Making it easier for start-ups to raise funds, regulator Sebi today notified a new set of listing norms for such entities, including e-commerce ventures, on a separate platform of domestic stock exchanges.
The new norms provide significant relaxations in the disclosure requirements, while Sebi has also relaxed its delisting, takeover and Alternative Investment Fund regulations for such new-age entities engaged in IT, data analytics, intellectual property, bio-technology or nano-technology like activities.
The extensive changes in Sebi regulations would allow such entities to get listed on the separate Institutional Trading Platform of the stock exchanges such as BSE and NSE and are aimed to encourage the Indian start-ups and entrepreneurs to remain within the country rather than moving abroad for funds.
However, the new platform would be open to only institutional investors and HNIs, as Sebi feels that small retail investors need to be safeguarded against a higher level of risks associated with this platform.
Sebi has kept the minimum trading lot and the minimum application size at Rs 10 lakh so that only sophisticated and large investors come in.
The companies can, however, graduate to the main platform later and the small investors can also invest at that time.
There are expectations that a large number of start-ups are already looking to tap this platform and the industry estimates suggest that the total funds to be raised by such entities can run into billions of dollars as it would be mostly the large investors who would be allowed on this platform.
Sebi chairman U K Sinha had recently told PTI that such companies might lack a profitability track-record, but many of them have huge potential to become highly profitable.
The relaxations include removal of caps on the money spent by such companies on publicity and advertisements as they need to spend much more for such purposes.
There is also a significant likelihood that many of these companies would eventually become eligible in a few years for listing in the main market, thus enabling even the retail investors to participate directly in their growth story, the Sebi chief had said.
Asked about his expectations for response to the new platform, Sinha said, “Their feedback is very positive… I am hopeful that many of these companies, which were being approached by Singapore and New York exchanges earlier, would come and list here.

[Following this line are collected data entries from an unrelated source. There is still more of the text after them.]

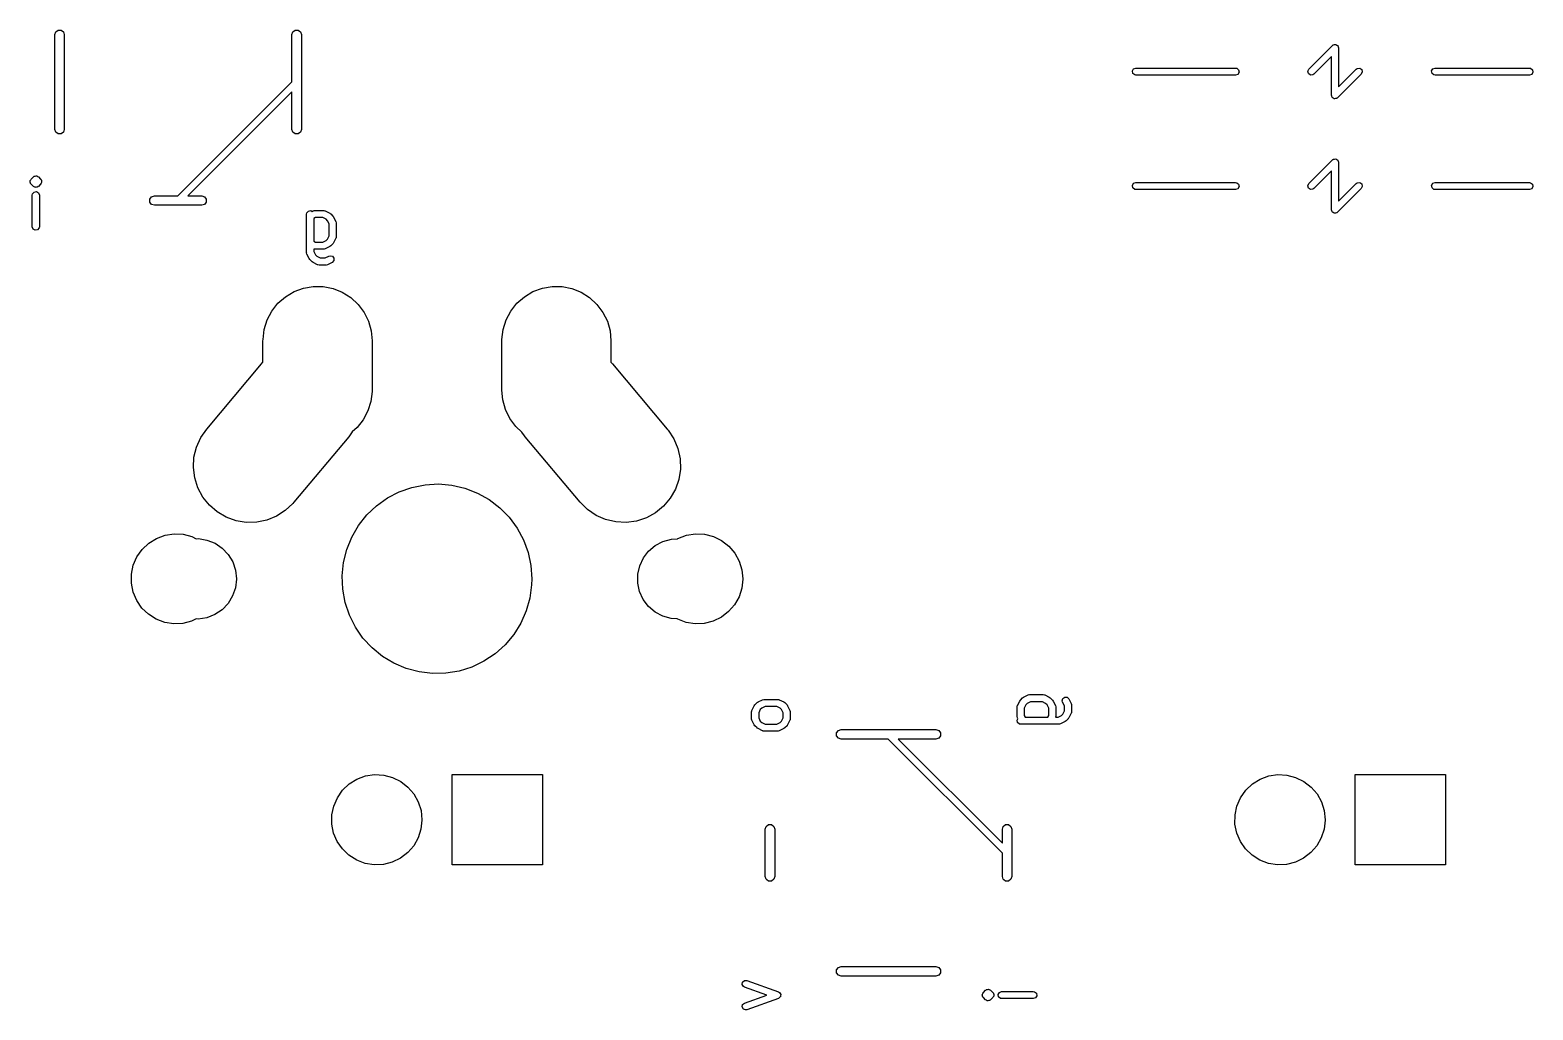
# Model space of a CAD drawing. Extents: x 0 to 132, y -20 to 105.
# Drawn here: x 0.16 to 31.86, y -0.09 to 20.57 of the extents above; entities that cross this region are included whole.
import ezdxf

# ---------------------------------------------------------------- set-up
doc = ezdxf.new("R2010")
doc.units = 0
doc.layers.add('BLACK', color=7, linetype='CONTINUOUS')

msp = doc.modelspace()

# ---------------------------------------------------------------- linework, layer by layer
at = {"layer": 'BLACK', "linetype": 'CONTINUOUS'}
for p, q in [((0.685, 18.4775), (0.685001, 20.4775)), ((0.685001, 20.4775), (0.704099, 20.5363)), ((0.704099, 20.5363), (0.754099, 20.5726)), ((0.754099, 20.5726), (0.815902, 20.5726)), ((0.815902, 20.5726), (0.865902, 20.5363)), ((0.865902, 20.5363), (0.885, 20.4775)), ((0.885, 20.4775), (0.885, 18.4775)), ((5.685, 20.4775), (5.7041, 20.5363)), ((5.685, 19.4836), (5.685, 20.4775)), ((5.7041, 20.5363), (5.7541, 20.5726)), ((5.7541, 20.5726), (5.8159, 20.5726)), ((5.8159, 20.5726), (5.8659, 20.5363)), ((5.8659, 20.5363), (5.885, 20.4775)), ((5.885, 20.4775), (5.885, 18.4775)), ((27.136, 19.7495), (27.636, 20.2495)), ((27.614, 20.0154), (27.242, 19.6435)), ((27.614, 19.1965), (27.614, 20.0154)), ((27.636, 20.2495), (27.6494, 20.2589)), ((27.6494, 20.2589), (27.6515, 20.2615)), ((27.6515, 20.2615), (27.6535, 20.2618)), ((27.6535, 20.2618), (27.6573, 20.2645)), ((27.6573, 20.2645), (27.6798, 20.2664)), ((27.6798, 20.2664), (27.702, 20.2704)), ((27.702, 20.2704), (27.705, 20.2686)), ((27.705, 20.2686), (27.7084, 20.2689)), ((27.7084, 20.2689), (27.7269, 20.256)), ((27.7269, 20.256), (27.7465, 20.2447)), ((27.7465, 20.2447), (27.7476, 20.2415)), ((27.7476, 20.2415), (27.7504, 20.2395)), ((27.7504, 20.2395), (27.7563, 20.2177)), ((27.7563, 20.2177), (27.764, 20.1965)), ((27.764, 20.1965), (27.764, 19.3776)), ((23.4151, 19.7095), (23.4408, 19.754)), ((23.424, 19.659), (23.4151, 19.7095)), ((23.4633, 19.626), (23.424, 19.659)), ((23.4408, 19.754), (23.489, 19.7715)), ((23.489, 19.7715), (25.589, 19.7715)), ((25.589, 19.7715), (25.6147, 19.767)), ((25.6147, 19.767), (25.654, 19.734)), ((25.6629, 19.6835), (25.6372, 19.639)), ((25.654, 19.734), (25.6629, 19.6835)), ((27.1143, 19.703), (27.136, 19.7495)), ((27.1276, 19.6535), (27.1143, 19.703)), ((27.764, 19.3776), (28.136, 19.7495)), ((28.136, 19.7495), (28.1573, 19.7645)), ((28.1573, 19.7645), (28.2084, 19.7689)), ((28.2084, 19.7689), (28.2504, 19.7395)), ((28.2637, 19.69), (28.242, 19.6435)), ((28.2504, 19.7395), (28.2637, 19.69)), ((29.7251, 19.7095), (29.7508, 19.754)), ((29.734, 19.659), (29.7251, 19.7095)), ((29.7733, 19.626), (29.734, 19.659)), ((29.7508, 19.754), (29.799, 19.7715)), ((29.799, 19.7715), (31.789, 19.7715)), ((31.789, 19.7715), (31.8147, 19.767)), ((31.8147, 19.767), (31.854, 19.734)), ((31.8629, 19.6835), (31.8372, 19.639)), ((31.854, 19.734), (31.8629, 19.6835)), ((3.27893, 17.0775), (5.685, 19.4836)), ((23.489, 19.6215), (23.4633, 19.626)), ((25.589, 19.6215), (23.489, 19.6215)), ((25.6372, 19.639), (25.589, 19.6215)), ((27.1696, 19.6241), (27.1276, 19.6535)), ((27.2207, 19.6285), (27.1696, 19.6241)), ((27.242, 19.6435), (27.2207, 19.6285)), ((28.242, 19.6435), (27.742, 19.1435)), ((29.799, 19.6215), (29.7733, 19.626)), ((31.789, 19.6215), (29.799, 19.6215)), ((31.8372, 19.639), (31.789, 19.6215)), ((5.685, 19.2714), (3.49107, 17.0775)), ((5.685, 18.4775), (5.685, 19.2714)), ((27.6217, 19.1753), (27.614, 19.1965)), ((27.6276, 19.1535), (27.6217, 19.1753)), ((27.6304, 19.1515), (27.6276, 19.1535)), ((27.6315, 19.1483), (27.6304, 19.1515)), ((27.6511, 19.137), (27.6315, 19.1483)), ((27.6696, 19.1241), (27.6511, 19.137)), ((27.673, 19.1244), (27.6696, 19.1241)), ((27.676, 19.1226), (27.673, 19.1244)), ((27.6982, 19.1266), (27.676, 19.1226)), ((27.7207, 19.1285), (27.6982, 19.1266)), ((27.7245, 19.1312), (27.7207, 19.1285)), ((27.7265, 19.1315), (27.7245, 19.1312)), ((27.7286, 19.1341), (27.7265, 19.1315)), ((27.742, 19.1435), (27.7286, 19.1341)), ((0.704098, 18.4187), (0.685, 18.4775)), ((0.754098, 18.3824), (0.704098, 18.4187)), ((0.865902, 18.4187), (0.815901, 18.3824)), ((0.885, 18.4775), (0.865902, 18.4187)), ((5.7041, 18.4187), (5.685, 18.4775)), ((5.7541, 18.3824), (5.7041, 18.4187)), ((5.8659, 18.4187), (5.8159, 18.3824)), ((5.885, 18.4775), (5.8659, 18.4187)), ((0.815901, 18.3824), (0.754098, 18.3824)), ((5.8159, 18.3824), (5.7541, 18.3824)), ((27.136, 17.3365), (27.636, 17.8365)), ((27.636, 17.8365), (27.6494, 17.8459)), ((27.6494, 17.8459), (27.6515, 17.8485)), ((27.6515, 17.8485), (27.6535, 17.8488)), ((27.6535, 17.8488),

For their listing, Sebi has also relaxed the mandatory lock-in period for promoters and other pre-listing investors to six months, as against three years for other companies.
Besides, the disclosure requirements for these companies have been relaxed.
At least 25 per cent of their pre-issue capital would need to be with institutional investors for technology start-ups, while this requirement would be 50 per cent for companies from other areas.
Institutional investors along with family trusts, systematically important NBFCs and intermediaries registered with Sebi — with minimum net worth of Rs 500 crore — would be allowed to access the Institutional Trading Platform (ITP).
Non-institutional investors, excluding retail individual investors, can also tap this platform.
The entity would have to list its securities on the recognised stock exchange within thirty days of getting approval from Sebi.
Provisions relating to minimum public shareholding would not be applicable to entities listed on institutional trading platform without making a public issue.
With regard to exit rules, Sebi said the entity whose securities are listed on the ITP platform may exit from such platform in case its shareholders approve such exit by passing a special resolution via postal ballot where 90 per cent of the total votes and the majority of non-promoter votes should be in favor of such move.
“No entity promoted by promoters and directors of an entity delisted… shall be permitted to list on ITP platform for a period of five years from the date of such delisting, provided that the provisions of this regulation shall not apply to another entity promoted by the independent directors of such a delisted entity,” Sebi noted.
The start-ups listed on the institutional trading platform can migrate to the main board after expiry of three years by meeting certain guidelines.